• What to do:
Scan the data below and pick out the lines containing the word "units".

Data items
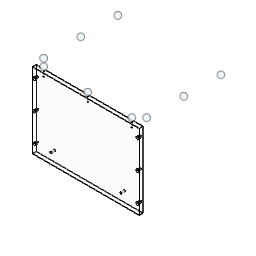
CAD_File 15 (Autodesk Fusion 360 design; units mm, degrees)
Autodesk Fusion 360 part; units mm, degrees
sketch "Sketch1" plane through (0, 0, 30) normal (0, 0, 1) x (-1, 0, 0)
  line L0 (-115, 107) -> (115, 107)
  line L1 (115, 107) -> (115, 115)
  line L2 (115, 115) -> (-115, 115)
  line L3 (-115, 115) -> (-115, 107)
  line L4 (115, 107) -> (-115, 107)
  line L5 (-115, 107) -> (-115, 115)
  line L6 (-115, 115) -> (115, 115)
  line L7 (115, 115) -> (115, 107)
  constraint horizontal L4
  constraint vertical L5
  constraint horizontal L6
  constraint vertical L7
  constraint coincident L2.end L3.start
  constraint coincident L0.end L1.start
extrude "Extrude1" add sketch "Sketch1" along normal up to surface (162 mm away)
sketch "Sketch2" plane through (0, -115, 0) normal (0, -1, 0) x (1, 0, 0)
  line L0 (115, 192) -> (-115, 192)
  line L1 (-115, 192) -> (-115, 30)
  line L2 (-115, 30) -> (115, 30)
  line L3 (115, 30) -> (115, 192)
  line L4 (0, 180) -> (0, 13.6981) construction
  circle A0 centre (-75.25, 52) radius 4
  circle A1 centre (75.25, 52) radius 4
  dimension "d834" = 8
  dimension "d835" = 8
  dimension "d836" = 75.25
  dimension "d837" = 140
  constraint perpendicular L2 L4
  constraint symmetric L4 A0 A1
  measures "d834" diameter of A0
  measures "d835" diameter of A1
  measures "d836" distance of L4 A0.centre
  measures "d837" distance of L0 A0.centre
extrude "Extrude2" cut sketch "Sketch2" against normal blind 8 contours A0 | A1
thread "Thread1" "ISO Metric profile 5.0 M5x0.8 6H" major diameter 5.12 minor diameter 4.234 pitch 0.8 angle 60 resizes the face on face at (-71.2699, -112.3333, 51.6017) on face at (79.2301, -112.3333, 51.6017)
sketch "Sketch3" plane through (0, -115, 0) normal (0, -1, 0) x (1, 0, 0)
  circle A0 centre (-75.25, 52) radius 2.117
  circle A1 centre (75.25, 52) radius 2.117
  line L0 (115, 192) -> (-115, 192)
  line L1 (-115, 192) -> (-115, 30)
  line L2 (-115, 30) -> (115, 30)
  line L3 (115, 30) -> (115, 192)
  line L4 (0, 210) -> (0, 20) construction
  line L5 (120, 111) -> (-120, 111) construction
  circle A2 centre (-111, 172) radius 1.5
  circle A3 centre (-111, 111) radius 1.5
  circle A4 centre (-111, 172) radius 3
  circle A5 centre (-111, 111) radius 3
  circle A6 centre (111, 172) radius 1.5
  circle A7 centre (111, 172) radius 3
  circle A8 centre (111, 111) radius 1.5
  circle A9 centre (111, 111) radius 3
  circle A10 centre (-111, 50) radius 1.5
  circle A11 centre (-111, 50) radius 3
  circle A12 centre (111, 50) radius 1.5
  circle A13 centre (111, 50) radius 3
  dimension "d896" = 81
  dimension "d897" = 3
  dimension "d898" = 4
  dimension "d899" = 20
  dimension "d901" = 3
  dimension "d902" = 4
  dimension "d903" = 6
  dimension "d904" = 6
  constraint perpendicular L2 L4
  constraint perpendicular L1 L5
  constraint coincident L5 A3.centre
  constraint concentric A2 A4
  constraint concentric A3 A5
  constraint symmetric L4 A2 A6
  constraint symmetric L4 A3 A8
  constraint symmetric L4 A4 A7
  constraint symmetric L4 A5 A9
  constraint symmetric L5 A2 A10
  constraint symmetric L5 A4 A11
  constraint symmetric L5 A6 A12
  constraint symmetric L5 A7 A13
  measures "d896" distance of L2 L5
  measures "d897" diameter of A2
  measures "d898" distance of L1 A2.centre
  measures "d899" distance of L0 A2.centre
  measures "d901" diameter of A3
  measures "d902" distance of L1 A3.centre
  measures "d903" diameter of A4
  measures "d904" diameter of A5
extrude "Extrude3" cut sketch "Sketch3" against normal blind 18 contours A2 | A3 | A6 | A8 | A10 | A12
extrude "Extrude4" cut sketch "Sketch3" against normal blind 3 contours A4 | A5 | A7 | A9 | A11 | A13
sketch "sketch 1014" plane through (0, 70, 200) normal (0, 0, 1) x (-1, 0, 0)
  circle A0 centre (111, 85) radius 1.5
  circle A1 centre (95, 181) radius 1.5
  circle A2 centre (-95, 181) radius 1.5
  circle A3 centre (-111, 85) radius 1.5
  circle A4 centre (-111, 5) radius 1.5
  circle A5 centre (-111, 165) radius 1.5
  circle A6 centre (0, 181) radius 1.5
  circle A7 centre (111, 165) radius 1.5
  circle A8 centre (111, 5) radius 1.5
extrude "Extrude5" cut sketch "sketch 1014" against normal blind 18
thread "Thread2" "ISO Metric profile 3.0 M3x0.5 6H" major diameter 3.086 minor diameter 2.529 pitch 0.5 angle 60 resizes the face on face at (-96.1957, -111.9057, 188.6667) on face at (96.1491, -111.9642, 185.3333) on face at (1.4095, -111.513, 185.3333)

• Written reply:
CAD_File 15 (Autodesk Fusion 360 design; units mm, degrees)
Autodesk Fusion 360 part; units mm, degrees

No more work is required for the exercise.